#### [WHAT YOU ARE ASKED TO DO]
Beneath this line are the data; copy exactly the part of them that opens with the line containing "#22=AXIS2_PLACEMENT_3D('',#19,#20,#21);" and closes with the line containing "#43=ORIENTED_EDGE('',*,*,#42,.T.);", and only that part.

━━ THE DATA ━━

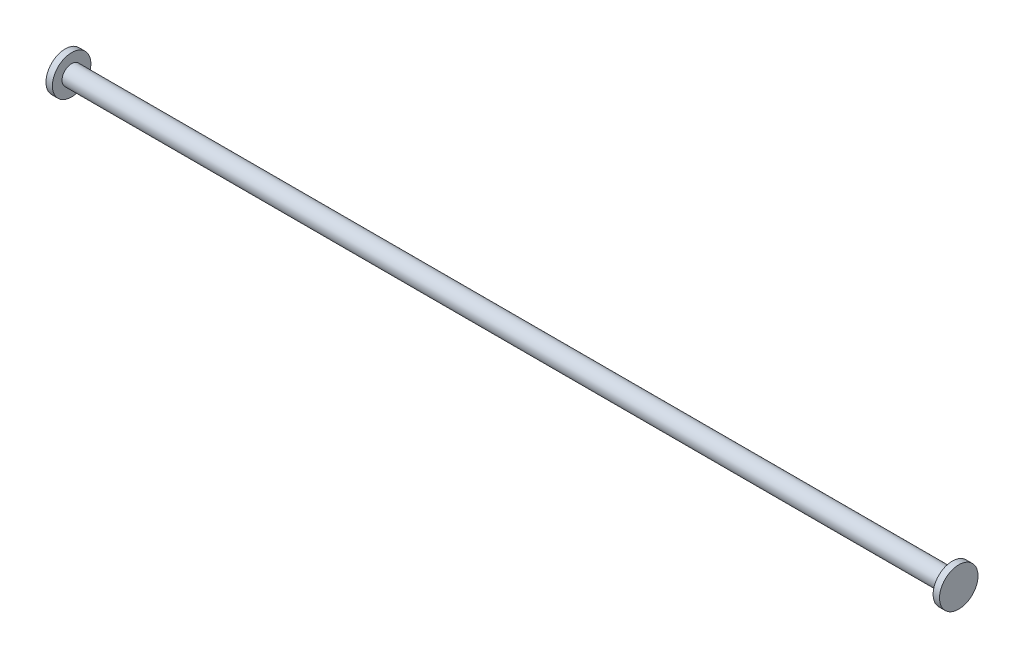
ISO-10303-21;
HEADER;
FILE_DESCRIPTION(('STEP AP214'),'2;1');
FILE_NAME('part.step','',(''),(''),'','','');
FILE_SCHEMA(('AUTOMOTIVE_DESIGN { 1 0 10303 214 1 1 1 1 }'));
ENDSEC;
DATA;
#1=APPLICATION_CONTEXT('core data for automotive mechanical design processes');
#2=APPLICATION_PROTOCOL_DEFINITION('international standard','automotive_design',2000,#1);
#3=PRODUCT_CONTEXT('',#1,'mechanical');
#4=PRODUCT('Part','Part','',(#3));
#5=PRODUCT_RELATED_PRODUCT_CATEGORY('part','',(#4));
#6=PRODUCT_DEFINITION_FORMATION('','',#4);
#7=PRODUCT_DEFINITION_CONTEXT('part definition',#1,'design');
#8=PRODUCT_DEFINITION('design','',#6,#7);
#9=PRODUCT_DEFINITION_SHAPE('','',#8);
#10=(LENGTH_UNIT() NAMED_UNIT(*) SI_UNIT(.MILLI.,.METRE.));
#11=(NAMED_UNIT(*) PLANE_ANGLE_UNIT() SI_UNIT($,.RADIAN.));
#12=(NAMED_UNIT(*) SI_UNIT($,.STERADIAN.) SOLID_ANGLE_UNIT());
#13=UNCERTAINTY_MEASURE_WITH_UNIT(LENGTH_MEASURE(1.E-05),#10,'distance_accuracy_value','');
#14=(GEOMETRIC_REPRESENTATION_CONTEXT(3) GLOBAL_UNCERTAINTY_ASSIGNED_CONTEXT((#13)) GLOBAL_UNIT_ASSIGNED_CONTEXT((#10,
#11,#12)) REPRESENTATION_CONTEXT('',''));
#15=CARTESIAN_POINT('',(0.,0.,0.));
#16=DIRECTION('',(0.,0.,1.));
#17=DIRECTION('',(1.,0.,0.));
#18=AXIS2_PLACEMENT_3D('',#15,#16,#17);
#19=CARTESIAN_POINT('',(1743.6465,0.,0.));
#20=DIRECTION('',(-1.,0.,0.));
#21=DIRECTION('',(0.,0.,1.));
#22=AXIS2_PLACEMENT_3D('',#19,#20,#21);
#23=CYLINDRICAL_SURFACE('',#22,38.1);
#24=CARTESIAN_POINT('',(1743.6465,0.,0.));
#25=DIRECTION('',(1.,0.,0.));
#26=DIRECTION('',(0.,0.,-1.));
#27=AXIS2_PLACEMENT_3D('',#24,#25,#26);
#28=CIRCLE('',#27,38.1);
#29=CARTESIAN_POINT('',(1743.6465,0.,-38.1));
#30=VERTEX_POINT('',#29);
#31=EDGE_CURVE('E10',#30,#30,#28,.T.);
#32=ORIENTED_EDGE('',*,*,#31,.F.);
#33=EDGE_LOOP('',(#32));
#34=FACE_BOUND('',#33,.T.);
#35=CARTESIAN_POINT('',(-1743.6465,0.,0.));
#36=DIRECTION('',(1.,0.,0.));
#37=DIRECTION('',(0.,0.,-1.));
#38=AXIS2_PLACEMENT_3D('',#35,#36,#37);
#39=CIRCLE('',#38,38.1);
#40=CARTESIAN_POINT('',(-1743.6465,0.,-38.1));
#41=VERTEX_POINT('',#40);
#42=EDGE_CURVE('E46',#41,#41,#39,.T.);
#43=ORIENTED_EDGE('',*,*,#42,.T.);
#44=EDGE_LOOP('',(#43));
#45=FACE_BOUND('',#44,.T.);
#46=ADVANCED_FACE('F43',(#34,#45),#23,.T.);
#47=CARTESIAN_POINT('',(1769.0465,0.,0.));
#48=DIRECTION('',(-1.,0.,0.));
#49=DIRECTION('',(0.,0.,1.));
#50=AXIS2_PLACEMENT_3D('',#47,#48,#49);
#51=CYLINDRICAL_SURFACE('',#50,76.2);
#52=CARTESIAN_POINT('',(1769.0465,0.,0.));
#53=DIRECTION('',(1.,0.,0.));
#54=DIRECTION('',(0.,0.,-1.));
#55=AXIS2_PLACEMENT_3D('',#52,#53,#54);
#56=CIRCLE('',#55,76.2);
#57=CARTESIAN_POINT('',(1769.0465,0.,-76.2));
#58=VERTEX_POINT('',#57);
#59=EDGE_CURVE('E51',#58,#58,#56,.T.);
#60=ORIENTED_EDGE('',*,*,#59,.F.);
#61=EDGE_LOOP('',(#60));
#62=FACE_BOUND('',#61,.T.);
#63=CARTESIAN_POINT('',(1743.6465,0.,0.));
#64=DIRECTION('',(1.,0.,0.));
#65=DIRECTION('',(0.,0.,-1.));
#66=AXIS2_PLACEMENT_3D('',#63,#64,#65);
#67=CIRCLE('',#66,76.2);
#68=CARTESIAN_POINT('',(1743.6465,0.,-76.2));
#69=VERTEX_POINT('',#68);
#70=EDGE_CURVE('E56',#69,#69,#67,.T.);
#71=ORIENTED_EDGE('',*,*,#70,.T.);
#72=EDGE_LOOP('',(#71));
#73=FACE_BOUND('',#72,.T.);
#74=ADVANCED_FACE('F97',(#62,#73),#51,.T.);
#75=CARTESIAN_POINT('',(1769.0465,0.,0.));
#76=DIRECTION('',(1.,0.,0.));
#77=DIRECTION('',(0.,0.,-1.));
#78=AXIS2_PLACEMENT_3D('',#75,#76,#77);
#79=PLANE('',#78);
#80=ORIENTED_EDGE('',*,*,#59,.T.);
#81=EDGE_LOOP('',(#80));
#82=FACE_BOUND('',#81,.T.);
#83=ADVANCED_FACE('F93',(#82),#79,.T.);
#84=CARTESIAN_POINT('',(1743.6465,0.,0.));
#85=DIRECTION('',(1.,0.,0.));
#86=DIRECTION('',(0.,0.,-1.));
#87=AXIS2_PLACEMENT_3D('',#84,#85,#86);
#88=PLANE('',#87);
#89=ORIENTED_EDGE('',*,*,#31,.T.);
#90=EDGE_LOOP('',(#89));
#91=FACE_BOUND('',#90,.T.);
#92=ORIENTED_EDGE('',*,*,#70,.F.);
#93=EDGE_LOOP('',(#92));
#94=FACE_BOUND('',#93,.T.);
#95=ADVANCED_FACE('F85',(#91,#94),#88,.F.);
#96=CARTESIAN_POINT('',(-1769.0465,0.,0.));
#97=DIRECTION('',(1.,0.,0.));
#98=DIRECTION('',(0.,0.,-1.));
#99=AXIS2_PLACEMENT_3D('',#96,#97,#98);
#100=CYLINDRICAL_SURFACE('',#99,76.2);
#101=CARTESIAN_POINT('',(-1769.0465,0.,0.));
#102=DIRECTION('',(1.,0.,0.));
#103=DIRECTION('',(0.,0.,-1.));
#104=AXIS2_PLACEMENT_3D('',#101,#102,#103);
#105=CIRCLE('',#104,76.2);
#106=CARTESIAN_POINT('',(-1769.0465,0.,-76.2));
#107=VERTEX_POINT('',#106);
#108=EDGE_CURVE('E66',#107,#107,#105,.T.);
#109=ORIENTED_EDGE('',*,*,#108,.T.);
#110=EDGE_LOOP('',(#109));
#111=FACE_BOUND('',#110,.T.);
#112=CARTESIAN_POINT('',(-1743.6465,0.,0.));
#113=DIRECTION('',(1.,0.,0.));
#114=DIRECTION('',(0.,0.,-1.));
#115=AXIS2_PLACEMENT_3D('',#112,#113,#114);
#116=CIRCLE('',#115,76.2);
#117=CARTESIAN_POINT('',(-1743.6465,0.,-76.2));
#118=VERTEX_POINT('',#117);
#119=EDGE_CURVE('E62',#118,#118,#116,.T.);
#120=ORIENTED_EDGE('',*,*,#119,.F.);
#121=EDGE_LOOP('',(#120));
#122=FACE_BOUND('',#121,.T.);
#123=ADVANCED_FACE('F83',(#111,#122),#100,.T.);
#124=CARTESIAN_POINT('',(-1769.0465,0.,0.));
#125=DIRECTION('',(-1.,0.,0.));
#126=DIRECTION('',(0.,0.,-1.));
#127=AXIS2_PLACEMENT_3D('',#124,#125,#126);
#128=PLANE('',#127);
#129=ORIENTED_EDGE('',*,*,#108,.F.);
#130=EDGE_LOOP('',(#129));
#131=FACE_BOUND('',#130,.T.);
#132=ADVANCED_FACE('F79',(#131),#128,.T.);
#133=CARTESIAN_POINT('',(-1743.6465,0.,0.));
#134=DIRECTION('',(-1.,0.,0.));
#135=DIRECTION('',(0.,0.,-1.));
#136=AXIS2_PLACEMENT_3D('',#133,#134,#135);
#137=PLANE('',#136);
#138=ORIENTED_EDGE('',*,*,#42,.F.);
#139=EDGE_LOOP('',(#138));
#140=FACE_BOUND('',#139,.T.);
#141=ORIENTED_EDGE('',*,*,#119,.T.);
#142=EDGE_LOOP('',(#141));
#143=FACE_BOUND('',#142,.T.);
#144=ADVANCED_FACE('F76',(#140,#143),#137,.F.);
#145=CLOSED_SHELL('',(#46,#74,#83,#95,#123,#132,#144));
#146=MANIFOLD_SOLID_BREP('B2',#145);
#147=ADVANCED_BREP_SHAPE_REPRESENTATION('',(#18,#146),#14);
#148=SHAPE_DEFINITION_REPRESENTATION(#9,#147);
ENDSEC;
END-ISO-10303-21;

━━━

#### [ANSWER TO THIS EXERCISE]
#22=AXIS2_PLACEMENT_3D('',#19,#20,#21);
#23=CYLINDRICAL_SURFACE('',#22,38.1);
#24=CARTESIAN_POINT('',(1743.6465,0.,0.));
#25=DIRECTION('',(1.,0.,0.));
#26=DIRECTION('',(0.,0.,-1.));
#27=AXIS2_PLACEMENT_3D('',#24,#25,#26);
#28=CIRCLE('',#27,38.1);
#29=CARTESIAN_POINT('',(1743.6465,0.,-38.1));
#30=VERTEX_POINT('',#29);
#31=EDGE_CURVE('E10',#30,#30,#28,.T.);
#32=ORIENTED_EDGE('',*,*,#31,.F.);
#33=EDGE_LOOP('',(#32));
#34=FACE_BOUND('',#33,.T.);
#35=CARTESIAN_POINT('',(-1743.6465,0.,0.));
#36=DIRECTION('',(1.,0.,0.));
#37=DIRECTION('',(0.,0.,-1.));
#38=AXIS2_PLACEMENT_3D('',#35,#36,#37);
#39=CIRCLE('',#38,38.1);
#40=CARTESIAN_POINT('',(-1743.6465,0.,-38.1));
#41=VERTEX_POINT('',#40);
#42=EDGE_CURVE('E46',#41,#41,#39,.T.);
#43=ORIENTED_EDGE('',*,*,#42,.T.);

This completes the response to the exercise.